There are several lines of this at several different occasions, should I be worried ??

Regards

----------

## nasher

worms / scripts that are trying to execute commands so they can 'hack' u.

just update ur apache with security bugfixes etc 

if u can, put it to an other port or close the port from the 'big bad world'   :Smile: 

-update-

https://forums.gentoo.org/viewtopic.php?t=61042&highlight=system32+cmd+exe

----------

## kronon

I get this constantly in my apache logs 2. But so far no one has gotten in. Most scripts think you are using windows any way.

----------

## jaska

I wouldn't be too worried, they are exe files, they dont run in unix environments, atleast not without wine.

----------

## ponds

it looks like someone is scanning all of your IP block on port 80 testing vs a database of known IIS exploits ( directory transversal  attacks ).

You don't really have anything to worry about, just make sure you patch apache ( and all your other servers ) when a vuln hits, because they might one day decide to scan for apache  :Smile:  .

----------

## professorn

Wasn't this one of IIS unicodebugs which made it possible for a attacker to use cmd to diffrent things ?

----------

## M104

It's good for you to check your log files like this!   :Very Happy:   Fortunately, these "attacks" are all for Windows based servers.  You are also going to see "GET whatever.com HTTP/1.0" requests too and those are scr1pt k1ddi3s looking for an open proxy server.  You may also see "OPTIONS / HTTP/1.1" and "SEARCH / HTTP/1.1" requests as well.  Basically, these are coming from scripts that crackers use to look for weak web servers.  As mentioned above, keep your stuff up to date and you don't have to worry.

I've got a couple of hosts (144.137.67.249 comes to mind) that keep sending my server this crap, even though it's clearly not working.   :Laughing: 

----------

## JoeW71

Thanks guys for all the answers, it is always nice to visit these forums when I have a problem.

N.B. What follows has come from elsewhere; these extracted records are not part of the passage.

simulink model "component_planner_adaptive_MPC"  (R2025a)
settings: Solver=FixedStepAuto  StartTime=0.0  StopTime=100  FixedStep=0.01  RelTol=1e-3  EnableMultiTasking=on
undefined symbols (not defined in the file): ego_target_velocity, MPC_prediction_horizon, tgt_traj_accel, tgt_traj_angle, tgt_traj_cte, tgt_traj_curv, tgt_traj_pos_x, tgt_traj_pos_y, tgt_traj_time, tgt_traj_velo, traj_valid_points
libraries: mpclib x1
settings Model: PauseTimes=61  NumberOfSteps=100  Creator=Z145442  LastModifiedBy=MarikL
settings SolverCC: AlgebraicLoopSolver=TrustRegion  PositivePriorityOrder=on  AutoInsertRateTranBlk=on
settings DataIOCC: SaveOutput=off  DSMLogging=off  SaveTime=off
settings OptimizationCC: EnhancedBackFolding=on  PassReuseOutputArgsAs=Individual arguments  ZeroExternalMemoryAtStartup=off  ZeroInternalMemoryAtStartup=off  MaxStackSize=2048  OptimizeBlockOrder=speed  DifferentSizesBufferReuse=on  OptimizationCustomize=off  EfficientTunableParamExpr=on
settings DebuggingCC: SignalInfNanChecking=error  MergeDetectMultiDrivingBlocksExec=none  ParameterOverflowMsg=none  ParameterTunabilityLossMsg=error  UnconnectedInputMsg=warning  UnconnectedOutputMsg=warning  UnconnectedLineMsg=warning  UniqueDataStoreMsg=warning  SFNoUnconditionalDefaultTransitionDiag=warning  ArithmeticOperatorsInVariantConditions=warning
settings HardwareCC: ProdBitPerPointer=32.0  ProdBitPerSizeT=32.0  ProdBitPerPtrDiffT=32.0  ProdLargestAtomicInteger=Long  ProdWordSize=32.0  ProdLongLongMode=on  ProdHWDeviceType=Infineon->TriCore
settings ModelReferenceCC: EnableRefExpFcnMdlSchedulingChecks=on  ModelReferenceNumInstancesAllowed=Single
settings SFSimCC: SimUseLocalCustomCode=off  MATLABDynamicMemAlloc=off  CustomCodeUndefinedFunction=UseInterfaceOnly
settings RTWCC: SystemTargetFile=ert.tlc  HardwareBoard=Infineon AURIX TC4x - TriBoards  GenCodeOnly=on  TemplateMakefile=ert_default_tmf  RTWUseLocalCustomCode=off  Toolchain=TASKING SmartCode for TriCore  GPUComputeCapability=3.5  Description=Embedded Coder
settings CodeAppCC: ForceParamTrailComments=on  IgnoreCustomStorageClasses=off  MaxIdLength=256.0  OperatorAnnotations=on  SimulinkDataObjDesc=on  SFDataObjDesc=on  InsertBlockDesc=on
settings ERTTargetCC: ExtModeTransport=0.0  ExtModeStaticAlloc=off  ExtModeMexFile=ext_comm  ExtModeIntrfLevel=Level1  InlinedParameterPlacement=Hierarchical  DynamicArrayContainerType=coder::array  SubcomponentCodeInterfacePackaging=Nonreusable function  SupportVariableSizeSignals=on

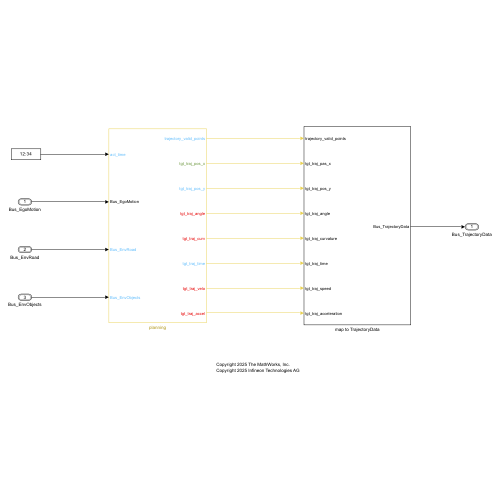
[thumbnail: Simulink's stored preview of the top-level diagram]
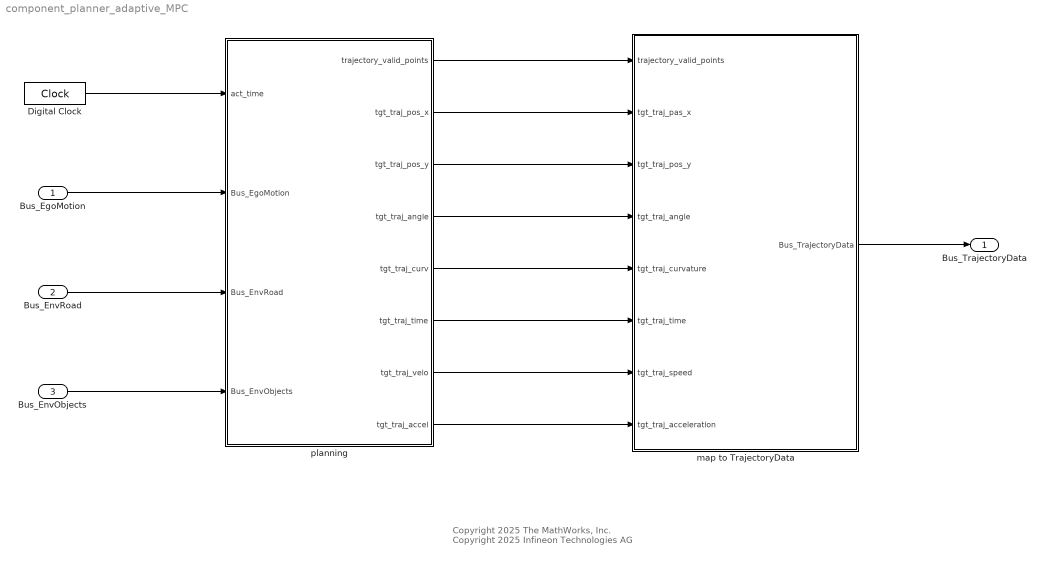
== system component_planner_adaptive_MPC ==
  note: Copyright 2025 The MathWorks, Inc.
      | Copyright 2025 Infineon Technologies AG
  Bus_EgoMotion : Inport  OutDataTypeStr=Bus: Bus_EgoMotion
  Bus_EnvRoad : Inport  Port=2  OutDataTypeStr=Bus: Bus_EnvRoad
  Bus_EnvObjects : Inport  Port=3  OutDataTypeStr=Bus: Bus_EnvObjects
  Digital Clock : DigitalClock  SampleTime=0.01
  map to TrajectoryData : Subsystem
  planning : Subsystem
  Bus_TrajectoryData : Outport  OutDataTypeStr=Bus: Bus_TrajectoryData  VectorParamsAs1DForOutWhenUnconnected=off
  wires:
  planning/6(tgt_traj_time) -> map to TrajectoryData/6(tgt_traj_time)
  planning/3(tgt_traj_pos_y) -> map to TrajectoryData/3(tgt_traj_pos_y)
  planning/5(tgt_traj_curv) -> map to TrajectoryData/5(tgt_traj_curvature)
  planning/8(tgt_traj_accel) -> map to TrajectoryData/8(tgt_traj_acceleration)
  planning/2(tgt_traj_pos_x) -> map to TrajectoryData/2(tgt_traj_pas_x)
  planning/4(tgt_traj_angle) -> map to TrajectoryData/4(tgt_traj_angle)
  planning/7(tgt_traj_velo) -> map to TrajectoryData/7(tgt_traj_speed)
  planning/1(trajectory_valid_points) -> map to TrajectoryData/1(trajectory_valid_points)
  map to TrajectoryData/1(Bus_TrajectoryData) -> Bus_TrajectoryData/1
  Digital Clock/1 -> planning/1(act_time)
  Bus_EnvRoad/1 -> planning/3(Bus_EnvRoad)
  Bus_EgoMotion/1 -> planning/2(Bus_EgoMotion)
  Bus_EnvObjects/1 -> planning/4(Bus_EnvObjects)

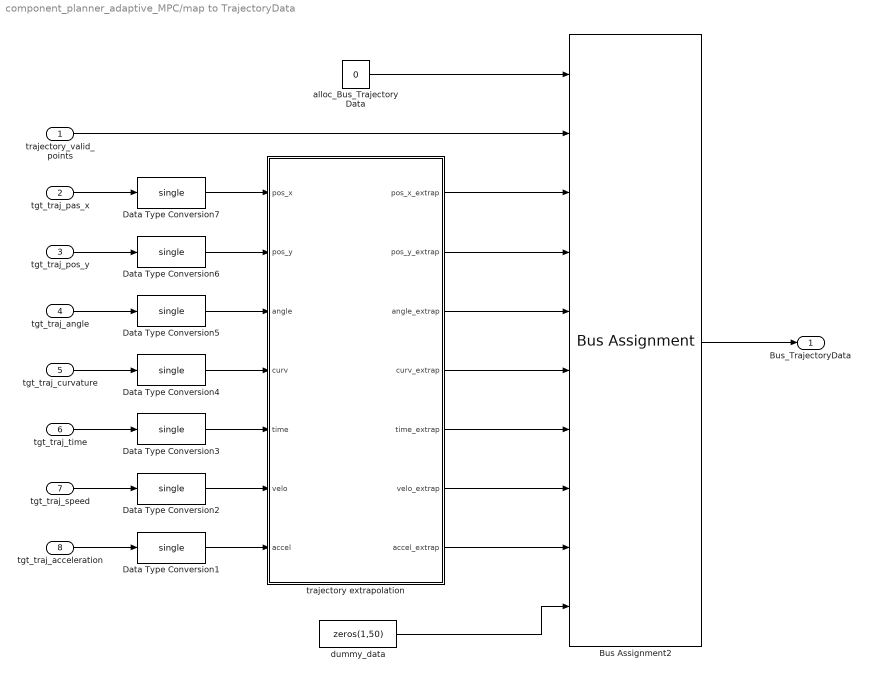
== system component_planner_adaptive_MPC/map to TrajectoryData ==
  trajectory_valid_points : Inport
  tgt_traj_pas_x : Inport  Port=2
  tgt_traj_pos_y : Inport  Port=3
  tgt_traj_angle : Inport  Port=4
  tgt_traj_curvature : Inport  Port=5
  tgt_traj_time : Inport  Port=6
  tgt_traj_speed : Inport  Port=7
  tgt_traj_acceleration : Inport  Port=8
  Bus Assignment2 : BusAssignment  AssignedSignals=traj_valid_points,tgt_traj_pos_x,tgt_traj_pos_y,tgt_traj_angle,tgt_traj_curv,tgt_traj_time,tgt_traj_velo,tgt_traj_accel,tgt_traj_cte
  Data Type Conversion{1..7} (7 alike) : DataTypeConversion  OutDataTypeStr=single  SaturateOnIntegerOverflow=off  RndMeth=Floor
  alloc_Bus_TrajectoryData : Constant  Value=0  OutDataTypeStr=Bus: Bus_TrajectoryData
  dummy_data : Constant  Value=zeros(1,50)  OutDataTypeStr=single
  trajectory extrapolation : MATLAB Function  TreatAsAtomicUnit=on  SystemSampleTime=0.01
  Bus_TrajectoryData : Outport  VectorParamsAs1DForOutWhenUnconnected=off
  wires:
  tgt_traj_curvature/1 -> Data Type Conversion4/1
  tgt_traj_angle/1 -> Data Type Conversion5/1
  tgt_traj_time/1 -> Data Type Conversion3/1
  tgt_traj_speed/1 -> Data Type Conversion2/1
  tgt_traj_acceleration/1 -> Data Type Conversion1/1
  tgt_traj_pos_y/1 -> Data Type Conversion6/1
  tgt_traj_pas_x/1 -> Data Type Conversion7/1
  trajectory_valid_points/1 -> Bus Assignment2/2
  trajectory extrapolation/5(time_extrap) -> Bus Assignment2/7
  trajectory extrapolation/4(curv_extrap) -> Bus Assignment2/6
  trajectory extrapolation/2(pos_y_extrap) -> Bus Assignment2/4
  Bus Assignment2/1 -> Bus_TrajectoryData/1
  alloc_Bus_TrajectoryData/1 -> Bus Assignment2/1
  trajectory extrapolation/6(velo_extrap) -> Bus Assignment2/8
  trajectory extrapolation/7(accel_extrap) -> Bus Assignment2/9
  trajectory extrapolation/3(angle_extrap) -> Bus Assignment2/5
  Data Type Conversion1/1 -> trajectory extrapolation/7(accel)
  Data Type Conversion2/1 -> trajectory extrapolation/6(velo)
  Data Type Conversion3/1 -> trajectory extrapolation/5(time)
  Data Type Conversion4/1 -> trajectory extrapolation/4(curv)
  Data Type Conversion5/1 -> trajectory extrapolation/3(angle)
  Data Type Conversion6/1 -> trajectory extrapolation/2(pos_y)
  Data Type Conversion7/1 -> trajectory extrapolation/1(pos_x)
  trajectory extrapolation/1(pos_x_extrap) -> Bus Assignment2/3
  dummy_data/1 -> Bus Assignment2/10

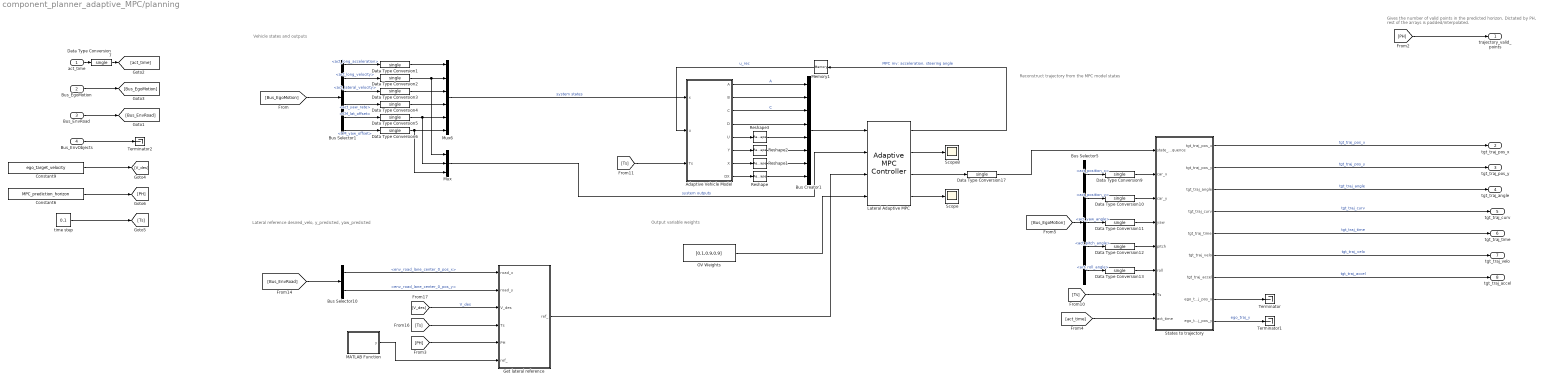
== system component_planner_adaptive_MPC/planning ==
  note: Output variable weights
  note: Reconstruct trajectory from the MPC model states
  note: Vehicle states and outputs
  note: Gives the number of valid points in the predicted horizon.
      | Dictated by PH, rest of the arrays is padded/interpolated.
  note: Lateral reference
      | desired_velo, y_predicted, yaw_predicted
  act_time : Inport
  Bus_EgoMotion : Inport  Port=2
  Bus_EnvRoad : Inport  Port=3
  Bus_EnvObjects : Inport  Port=4
  Adaptive Vehicle Model : MATLAB Function  TreatAsAtomicUnit=on  SystemSampleTime=0.1
  Bus Selector1 : BusSelector  OutputSignals=act_long_acceleration,act_long_velocity,act_lateral_velocity,act_yaw_rate,CM_lat_offset,CM_yaw_offset
  Bus Selector10 : BusSelector  OutputSignals=env_road_lane_center_0_pos_x,env_road_lane_center_0_pos_y
  Bus Selector5 : BusSelector  OutputSignals=act_position_x,act_position_y,act_yaw_angle,act_pitch_angle,act_roll_angle
  Bus Creator1 : BusCreator  Inputs=8  OutDataTypeStr=Bus: Bus_Model
      settings: InheritFromInputs=off
  Constant6 : Constant  Value=MPC_prediction_horizon  OutDataTypeStr=uint8
  Constant9 : Constant  Value=ego_target_velocity  OutDataTypeStr=single
  Data Type Conversion{1..7,9..13,17} (13 alike) : DataTypeConversion  OutDataTypeStr=single  SaturateOnIntegerOverflow=off  RndMeth=Floor
  Get lateral reference : MATLAB Function  TreatAsAtomicUnit=on  SystemSampleTime=0.1
  Lateral Adaptive MPC : mpclib/Adaptive MPC Controller  SCDEnableBlockLinearizationSpecification=on  mpcobj=mpc_latlon  enable_value=0  updateMPCinCallerWorkspace=on  md_inport=off  mv_inport=off  uref_inport=off  return_cost=on  return_mvseq=off  return_qpstatus=on  return_xseq=on  return_state=off  return_ovseq=off  state_inport=off  isltv_plant=off  umin_inport=off  umax_inport=off  ymin_inport=off  ymax_inport=off  cc_inport=off  ywt_inport=on  uwt_inport=off  duwt_inport=off  rhoeps_inport=off  pm_inport=off  MaximumP=10  HorizonChoice=FixedHorizon  BlockDataType=single  SampleTimeInherited=off  switch_inport=off
  MATLAB Function : MATLAB Function  TreatAsAtomicUnit=on
  Memory1 : Memory  InheritSampleTime=on
  Mux : Mux  Inputs=3
  Mux6 : Mux  Inputs=6
  OV Weights : Constant  Value=[0.1,0.9,0.9]  OutDataTypeStr=single
  Reshape{,1..3} (4 alike) : Reshape  OutputDimensionality=Column vector (2-D)
  Scope : Scope
      settings: ActiveDisplayYMinimum=0
  Scope8 : Scope
      settings: ActiveDisplayYMinimum=0
  States to trajectory : MATLAB Function  TreatAsAtomicUnit=on  SystemSampleTime=0.1
  Terminator : Terminator
  Terminator1 : Terminator
  Terminator2 : Terminator
  time step : Constant  Value=0.1  OutDataTypeStr=single
  trajectory_valid_points : Outport
  tgt_traj_pos_x : Outport  Port=2
  tgt_traj_pos_y : Outport  Port=3
  tgt_traj_angle : Outport  Port=4
  tgt_traj_curv : Outport  Port=5
  tgt_traj_time : Outport  Port=6
  tgt_traj_velo : Outport  Port=7
  tgt_traj_accel : Outport  Port=8
  wires:
  act_time/1 -> Data Type Conversion7/1
  Bus_EnvRoad/1 -> [Bus_EnvRoad]
  Bus_EgoMotion/1 -> [Bus_EgoMotion]
  Adaptive Vehicle Model/1(A) -> Bus Creator1/1  "A"
  Adaptive Vehicle Model/3(C) -> Bus Creator1/3  "C"
  Adaptive Vehicle Model/5(U) -> Reshape3/1
  Adaptive Vehicle Model/6(Y) -> Reshape2/1
  Adaptive Vehicle Model/7(X) -> Reshape1/1
  Adaptive Vehicle Model/8(DX) -> Reshape/1
  Bus Selector1/5 -> Data Type Conversion5/1  "<CM_lat_offset>"
  Mux6/1 -> Adaptive Vehicle Model/1(x)  "system states"
  Lateral Adaptive MPC/1 -> Memory1/1  "MPC mv: acceleration, steering angle"
  Bus Creator1/1 -> Lateral Adaptive MPC/1
  Mux/1 -> Lateral Adaptive MPC/2  "system outputs"
  Lateral Adaptive MPC/3 -> Data Type Conversion17/1
  Memory1/1 -> Adaptive Vehicle Model/2(u)  "u_rec"
  Reshape/1 -> Bus Creator1/8
  Reshape1/1 -> Bus Creator1/7
  Reshape2/1 -> Bus Creator1/6
  Reshape3/1 -> Bus Creator1/5
  [Bus_EgoMotion] -> Bus Selector5/1
  Bus Selector5/1 -> Data Type Conversion9/1  "<act_position_x>"
  Bus Selector5/2 -> Data Type Conversion10/1  "<act_position_y>"
  States to trajectory/1(tgt_traj_pos_x) -> tgt_traj_pos_x/1  "tgt_traj_pos_x"
  States to trajectory/2(tgt_traj_pos_y) -> tgt_traj_pos_y/1  "tgt_traj_pos_y"
  States to trajectory/3(tgt_traj_angle) -> tgt_traj_angle/1  "tgt_traj_angle"
  States to trajectory/4(tgt_traj_curv) -> tgt_traj_curv/1  "tgt_traj_curv"
  States to trajectory/5(tgt_traj_time) -> tgt_traj_time/1  "tgt_traj_time"
  States to trajectory/6(tgt_traj_velo) -> tgt_traj_velo/1  "tgt_traj_velo"
  States to trajectory/7(tgt_traj_accel) -> tgt_traj_accel/1  "tgt_traj_accel"
  Bus Selector5/3 -> Data Type Conversion11/1  "<act_yaw_angle>"
  Bus Selector5/4 -> Data Type Conversion12/1  "<act_pitch_angle>"
  Bus Selector5/5 -> Data Type Conversion13/1  "<act_roll_angle>"
  States to trajectory/8(ego_traj_pos_x) -> Terminator/1
  States to trajectory/9(ego_traj_pos_y) -> Terminator1/1  "ego_traj_y"
  Lateral Adaptive MPC/4 -> Scope/1
  Bus_EnvObjects/1 -> Terminator2/1
  Bus Selector10/2 -> Get lateral reference/2(road_y)  "<env_road_lane_center_0_pos_y>"
  [Bus_EnvRoad] -> Bus Selector10/1
  Bus Selector10/1 -> Get lateral reference/1(road_x)  "<env_road_lane_center_0_pos_x>"
  Adaptive Vehicle Model/4(D) -> Bus Creator1/4
  Adaptive Vehicle Model/2(B) -> Bus Creator1/2
  Bus Selector1/3 -> Data Type Conversion3/1  "<act_lateral_velocity>"
  Bus Selector1/4 -> Data Type Conversion4/1  "<act_yaw_rate>"
  [PH] -> Get lateral reference/5(PH)
  Bus Selector1/2 -> Data Type Conversion2/1  "<act_long_velocity>"
  Bus Selector1/1 -> Data Type Conversion1/1  "<act_long_acceleration>"
  [Bus_EgoMotion] -> Bus Selector1/1
  Bus Selector1/6 -> Data Type Conversion6/1  "<CM_yaw_offset>"
  Lateral Adaptive MPC/2 -> Scope8/1
  Constant6/1 -> [PH]
  [PH] -> trajectory_valid_points/1
  [V_des] -> Get lateral reference/3(V_des)  "V_des"
  Data Type Conversion1/1 -> Mux6/1
  Data Type Conversion2/1 -> Mux/1, Mux6/2
  Data Type Conversion3/1 -> Mux6/3
  Data Type Conversion4/1 -> Mux6/4
  Data Type Conversion5/1 -> Mux/2, Mux6/5
  Data Type Conversion6/1 -> Mux/3, Mux6/6
  OV Weights/1 -> Lateral Adaptive MPC/4
  [Ts] -> Adaptive Vehicle Model/3(Ts)
  Constant9/1 -> [V_des]
  time step/1 -> [Ts]
  [Ts] -> Get lateral reference/4(Ts)
  Get lateral reference/1(ref_) -> Lateral Adaptive MPC/3
  Data Type Conversion17/1 -> States to trajectory/1(state_sequence)
  [Ts] -> States to trajectory/7(Ts)
  [act_time] -> States to trajectory/8(act_time)
  MATLAB Function/1(y) -> Get lateral reference/6("ref_ ")
  Data Type Conversion9/1 -> States to trajectory/2(car_x)
  Data Type Conversion10/1 -> States to trajectory/3(car_y)
  Data Type Conversion11/1 -> States to trajectory/4(yaw)
  Data Type Conversion12/1 -> States to trajectory/5(pitch)
  Data Type Conversion13/1 -> States to trajectory/6(roll)
  Data Type Conversion7/1 -> [act_time]

== matlab function component_planner_adaptive_MPC/planning/States to trajectory ==
  data: state_sequence input; car_x input; tgt_traj_pos_x output; car_y input; yaw input; pitch input; roll input; tgt_traj_pos_y output; tgt_traj_angle output; tgt_traj_curv output; tgt_traj_time output; tgt_traj_velo output; tgt_traj_accel output; Ts input; act_time input; ego_traj_pos_x output; ego_traj_pos_y output
function [tgt_traj_pos_x, tgt_traj_pos_y, tgt_traj_angle, tgt_traj_curv, tgt_traj_time, tgt_traj_velo, tgt_traj_accel, ego_traj_pos_x, ego_traj_pos_y]  = fcn(state_sequence, car_x, car_y, yaw, pitch, roll, Ts, act_time)
%       - x: state vector
%           |lon_acc| - Longitudinal acceleration (ego)
%           |lon_velo| - Longitudinal velocity (ego)
%           |lat_velo| - Lateral velocity (ego)
%           |yaw_offset| - Yaw offset to the closest reference segment
%           |yaw_rate| - Yaw rate
%           |lat_offset| - Lateral offset to the closest reference segment

y_corr = state_sequence(1,6);
% remove the current state
state_sequence = state_sequence(2:end, :);
% state_sequence = state_sequence(1:end-1, :);

% TODO: return to dynamic (Simulink was complaining about the output size)
seq_len = 30; %size(state_sequence, 1);
t = linspace(0,(seq_len-1)*Ts,seq_len);

% integrate relative coordinates from velocity
lon_velo = state_sequence(:,2);
lon_velo(lon_velo < 1e-6) = 1e-6;
lat_velo = state_sequence(:,3);

sideslip = lat_velo./lon_velo;
sideslip(lon_velo < 5) = 0;
g = 9.8; % gravitational acceleration
n = 1; % vehicle's lateral load transfer coefficient (typically 0.5-1.5)
curv = sideslip ./ (lon_velo.^2 / g + sideslip * n);

x_ego = cumsum(lon_velo*Ts);
y_ego = state_sequence(:,5);% - y_corr; % cumsum(lat_velo*Ts); % 
% y_ego(1:3) = 0; % TODO: hotfix

[x_env, y_env] = transform_ego2env(x_ego, y_ego, car_x, car_y, yaw, pitch, roll);

% x_diff = diff([0; x_ego]);
% y_diff = diff([0; y_ego]);
x_diff = [diff(x_ego);0];
y_diff = [diff(y_ego);0];
% TODO: double-check the pos/neg direction
angle_ego = y_diff./x_diff; %atan(y_diff./x_diff);
angle_ego(x_diff < 0.0001) = 0;
% angle_ego(isnan(angle_ego)) = 0;
% angle_ego(~isfinite(angle_ego)) = 0;
angle_ego = atan(angle_ego);
% yaw_rate = state_sequence(:,4);
% angle_ego = cumsum(yaw_rate*Ts);
angle_env = angle_ego + yaw;


tgt_traj_pos_x = single(x_env);
tgt_traj_pos_y = single(y_env);
tgt_traj_angle = single(angle_env);
tgt_traj_curv = single(curv);
tgt_traj_time = single(act_time + t); % 0:Ts:(seq_len-1)*Ts;
tgt_traj_velo = single(lon_velo); %state_sequence(:,2);
tgt_traj_accel = single(state_sequence(:,1));
ego_traj_pos_x = single(x_ego);
ego_traj_pos_y = single(y_ego);

== matlab function component_planner_adaptive_MPC/planning/MATLAB Function ==
  data: y output
function y = fcn()
u = ones(30,3, 'single'); 
y = u;
end

== matlab function component_planner_adaptive_MPC/map to TrajectoryData/trajectory extrapolation ==
  settings: updateMethod=DISCRETE
  data: pos_x input; pos_y input; angle input; curv input; pos_x_extrap output; time input; pos_y_extrap output; velo input; accel input; angle_extrap output single; curv_extrap output; time_extrap output; velo_extrap output; accel_extrap output
function [pos_x_extrap, pos_y_extrap, angle_extrap, curv_extrap, time_extrap, velo_extrap, accel_extrap] = ...
    fcn(pos_x, pos_y, angle, curv, time, velo, accel)


[pos_x_extrap, pos_y_extrap, angle_extrap, curv_extrap, time_extrap, velo_extrap, accel_extrap] = ...
    extrapolate_trajectory(pos_x, pos_y, angle, curv, time, velo, accel);

== matlab function component_planner_adaptive_MPC/planning/Adaptive Vehicle Model ==
  data: x input; u input; A output; B output; C output; D output; U output; Y output; X output; DX output; Ts input
function [A,B,C,D,U,Y,X,DX] = fcn(x,u,Ts)

[A,B,C,D,U,Y,X,DX] = kinematic_system_single(x,u,Ts);

== matlab function component_planner_adaptive_MPC/planning/Get lateral reference ==
  data: ref_ output; road_x input; road_y input; V_des input; Ts input; PH input; ref_ input
function ref_ = fcn(road_x, road_y, V_des, Ts, PH, ref_)
ref_ = ref_;
temp = get_lateral_ref_single(road_x, road_y, V_des, Ts, PH); 
ref_ = temp;

So many people wanting to help, I've almost given up on Googling   :Shocked:  since I installed Gentoo, no matter what's the problem, when I search the forums I find that someone has ideas or tips to fix it.

Once again, thank you   :Very Happy: 

----------

## aroedl

Hello!

If you wanna know if you were hacked:

  emerge chkrootkit

  chkrootkit

Andi

----------

## jief

that reminds me of the first time i checked my apache logs. I didnt know back then was robots.txt was. I got scared shitless, took my webserver offline. Until my friend told me this file is used by crawlers and spiders to get data about your site. I then checked the IPs, most were on the IP-range of google, yahoo, etc.

----------

## GentooBox

A few vira check if it can get cmd.exe (windows commandprompt) from a IIS and/or apache server.

Nimda is a virus that checks for cmd.exe. - i think.

----------

## dvc5

Just a simple tool I use for dropping packets from these infected IP's.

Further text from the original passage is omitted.